McArdle Laboratory Graduate Research (1986 – 1991) 
In Henry Pitot's lab I investigated the mechanisms that non-genotoxic chemicals utilize to promote hepatocarcinogenesis.  Dr Pitot was the Director of McArdle Cancer Laboratory and the Founding Director of President Nixon’s National Cancer Advisory Board.  My research examined the expression of oncogenes during the initiation and promotion stages of cancer development.  My thesis focused on alterations in the regulation of gap junction genes (i.e. connexins) during normal and neoplastic liver proliferation.  During these studies I gained expertise in molecular biology (Southern blotting, Northern blotting, mRNA in situ hybridization, PCR, plasmid construction, transfection, DNA sequencing, cDNA cloning), protein chemistry/analysis, cell culture, and a variety of animal models (i.e. transgenics, spontaneous, and chemically induced carcinogenesis).  The research was very productive and resulting in several research publications and invitations to conferences (e.g. Banbury Conference at Cold Spring Harbor) and government EPA/FDA regulatory meetings.
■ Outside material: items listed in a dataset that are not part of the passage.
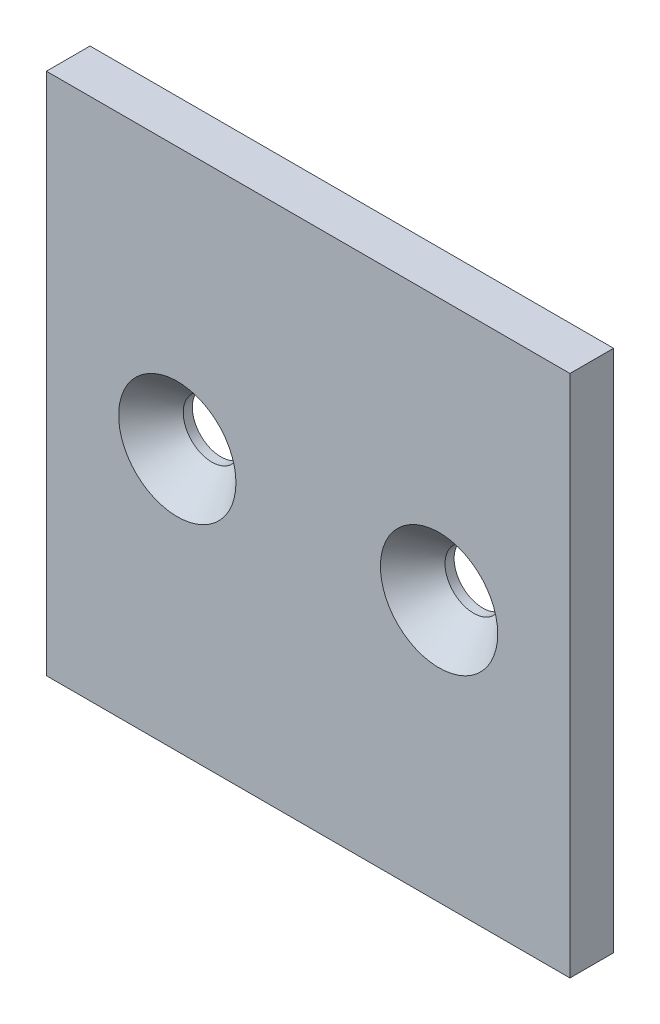
from build123d import *

# Parameters (mm, degrees)
SKETCH1_W           = 76.2
SKETCH1_H           = 76.2
SKETCH1_R           = 4.1656
BOSS_EXTRUDE1_DEPTH = 3.175
CUT_EXTRUDE1_START  = -5.0292
SKETCH2_R           = 4.1656
CUT_EXTRUDE1_DEPTH  = 6.0292
CUT_EXTRUDE1_TAPER  = -41


with BuildPart() as part:
    # Sketch1 → Boss-Extrude1 (new body, symmetric)
    with BuildSketch(Plane.XY):
        with Locations((38.1, 38.1)):
            Rectangle(SKETCH1_W, SKETCH1_H)
        with Locations((19.05, 38.1)):
            Circle(SKETCH1_R, mode=Mode.SUBTRACT)
        with Locations((57.15, 38.1)):
            Circle(SKETCH1_R, mode=Mode.SUBTRACT)
    extrude(amount=BOSS_EXTRUDE1_DEPTH, both=True)

    # Sketch2 → Cut-Extrude1 (cut, through all)
    with BuildSketch(Plane.XY.offset(3.175).offset(CUT_EXTRUDE1_START)):
        with Locations((19.05, 38.1)):
            Circle(SKETCH2_R)
        with Locations((57.15, 38.1)):
            Circle(SKETCH2_R)
    extrude(amount=CUT_EXTRUDE1_DEPTH, taper=CUT_EXTRUDE1_TAPER, mode=Mode.SUBTRACT)


solid = part.part

Undergraduate Chemistry Research (1982 – 1986)
In Thomas Hudlicky's lab I researched the synthesis of the anti-tumorigenic tricyclic quinane terpenes, Coriolin and Pentalenic Acid.  The experiments involved synthetic organic chemistry utilizing NMR, IR, UV and GC Mass Spectroscopy to verify the products.  In addition, I worked with Roderick Young at the State of Virginia Laboratory for Environmental Testing stationed in the Biochemistry Department at Virginia Tech.  My responsibilities involved the design and execution of experiments to quantitatively measure toxic chemicals in the environmental samples and nutritional components in a variety of nutritional products (i.e. from Arby’s to Quaker Oats).  During this time I gained experience using HPLC, GC (electrochemical), and AA.